The question of whether early workbenches were built from green wood or seasoned wood has a simple answer: yes.
But what was the common practice? For that question, I turned to A.J. Roubo’s “l’Art du menuisier” for the simple reason that Roubo’s work is still the legal standard in Europe for determining what is proper woodworking practice.
All the following translated passages will be found in “To Make as Perfectly as Possible: Roubo on Furniture” in 2016. The translations are by Donald C. Williams, Michele Pietryka-Pagán and Philippe Lafargue.
The logical place to start is the text for Plate 11. But Roubo doesn’t offer advice on the wetness or dryness of the wood. Following are the only discussions of workbench wood selection in Plate 11:
This bench is of elm or beech wood but more commonly the latter, which is very solid and of a tighter/denser grain than the other….
One should observe also to put the heart-wood side of the bench on top because it is harder than the other, and if the wood experiences dimensional changes, it is more likely to change from this side rather than shrinking from the other side.
It should be noted that throughout “l’Art du menuisier” Roubo discusses certain parts that must be well-seasoned (i.e. dry). But he doesn’t mention it in Plate 11.
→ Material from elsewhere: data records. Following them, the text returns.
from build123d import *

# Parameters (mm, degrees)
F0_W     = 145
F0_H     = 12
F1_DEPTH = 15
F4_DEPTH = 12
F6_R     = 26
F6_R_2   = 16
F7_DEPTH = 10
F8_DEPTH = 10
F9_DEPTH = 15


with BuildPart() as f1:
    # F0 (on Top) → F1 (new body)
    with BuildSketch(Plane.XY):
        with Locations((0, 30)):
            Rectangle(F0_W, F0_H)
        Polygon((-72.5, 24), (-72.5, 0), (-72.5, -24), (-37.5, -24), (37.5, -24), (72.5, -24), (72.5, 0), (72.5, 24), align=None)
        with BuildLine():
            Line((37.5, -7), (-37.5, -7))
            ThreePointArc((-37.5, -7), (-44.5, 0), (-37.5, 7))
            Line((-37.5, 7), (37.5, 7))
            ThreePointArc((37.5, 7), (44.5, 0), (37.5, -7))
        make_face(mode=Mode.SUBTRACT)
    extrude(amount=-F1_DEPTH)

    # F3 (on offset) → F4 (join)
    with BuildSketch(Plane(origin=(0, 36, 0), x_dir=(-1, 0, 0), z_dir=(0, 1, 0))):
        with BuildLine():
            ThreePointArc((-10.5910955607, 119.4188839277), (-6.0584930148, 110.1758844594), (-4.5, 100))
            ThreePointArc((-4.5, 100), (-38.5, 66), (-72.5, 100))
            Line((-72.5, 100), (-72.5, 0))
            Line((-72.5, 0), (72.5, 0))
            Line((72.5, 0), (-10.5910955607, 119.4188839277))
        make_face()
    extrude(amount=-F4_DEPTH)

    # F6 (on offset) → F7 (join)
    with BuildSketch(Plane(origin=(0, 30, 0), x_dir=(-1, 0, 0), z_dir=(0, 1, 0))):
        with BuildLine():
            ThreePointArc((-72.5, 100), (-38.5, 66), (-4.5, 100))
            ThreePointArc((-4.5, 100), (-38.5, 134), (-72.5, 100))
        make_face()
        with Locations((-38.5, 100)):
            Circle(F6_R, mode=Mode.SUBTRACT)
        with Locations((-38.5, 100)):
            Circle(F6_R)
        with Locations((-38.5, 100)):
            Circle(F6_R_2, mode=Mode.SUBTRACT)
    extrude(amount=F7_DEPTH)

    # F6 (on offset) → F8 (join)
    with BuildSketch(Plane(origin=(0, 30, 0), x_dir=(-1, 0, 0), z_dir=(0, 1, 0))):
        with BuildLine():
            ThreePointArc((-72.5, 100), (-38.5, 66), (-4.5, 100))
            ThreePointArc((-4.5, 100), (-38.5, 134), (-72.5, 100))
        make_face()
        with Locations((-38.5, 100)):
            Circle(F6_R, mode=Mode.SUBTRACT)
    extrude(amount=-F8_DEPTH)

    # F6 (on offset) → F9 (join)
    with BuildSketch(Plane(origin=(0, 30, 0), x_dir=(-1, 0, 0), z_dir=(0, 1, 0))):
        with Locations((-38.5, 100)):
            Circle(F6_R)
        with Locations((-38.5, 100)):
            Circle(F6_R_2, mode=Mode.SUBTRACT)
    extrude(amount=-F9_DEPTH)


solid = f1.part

If, however, we look to Plate 4 we get some clues. Plate 4 is about the maintenance of a wood yard outside your shop – how to stack green wood so it will dry without warping or rotting.
The reason you need a wood yard?
What I am saying here is only general. I know perfectly well that all woodworkers cannot have great wood yards nor large provisions of wood. But still, for reasons of economy, they should always do their best to be well prepared with samples, and to watch over their preservation as best as they can, so as not to be obliged to have to buy some from the merchants. The wood that they sell is almost never dry, and the woodworker will pay dearly for what the wood merchants have.
In the text for Plate 4, Roubo doesn’t discuss workbench wood directly. But workbenches are discussed:
Beech is found cut into planks of 15-18 lines, and even 2 thumbs thickness by 7, 9 and 12 feet in length.They also sell slabs of this wood for making woodworking benches, tables for the kitchen, and butcher tables, tables that have a length from 7-12, and even 15 feet, by 18-30 thumbs in width, and 5-6 thumbs thickness.
And Roubo also discusses dryness in general:
The more wood is hard, the more time it takes to dry. That is why one should not reasonably use wood that has not been cut at least 8 years in order to be able to do good work. It is not necessary, however, that it be too dry, especially for pieces of joinery, where the wood has no more sap and where the humidity is totally expunged: this cannot be appropriate [once the sap no longer is flowing from the lumber and the moisture has departed there is no need to season the lumber any further].
Interestingly, French timber merchants still follow this rule, according to Bo Childs, who brought over all the French oak for the French Oak Roubo Project. Our slabs were at least 10 years old.
What I take away from the text to these two plates is that seasoned wood was the norm in the shop. Roubo offered no exceptions for workbenches (something he does offer later in the book on garden woodwork).
This lines up with my experience building these benches: chances are the wood is going to be semi-dry. Not fresh cut. Not dry as a popcorn fart. Eight years is not enough time for these slabs to fully acclimate, but you can build benches with them. They’ll move around on you quite a bit the first year or so. But it’s easy to manage if you own a handplane.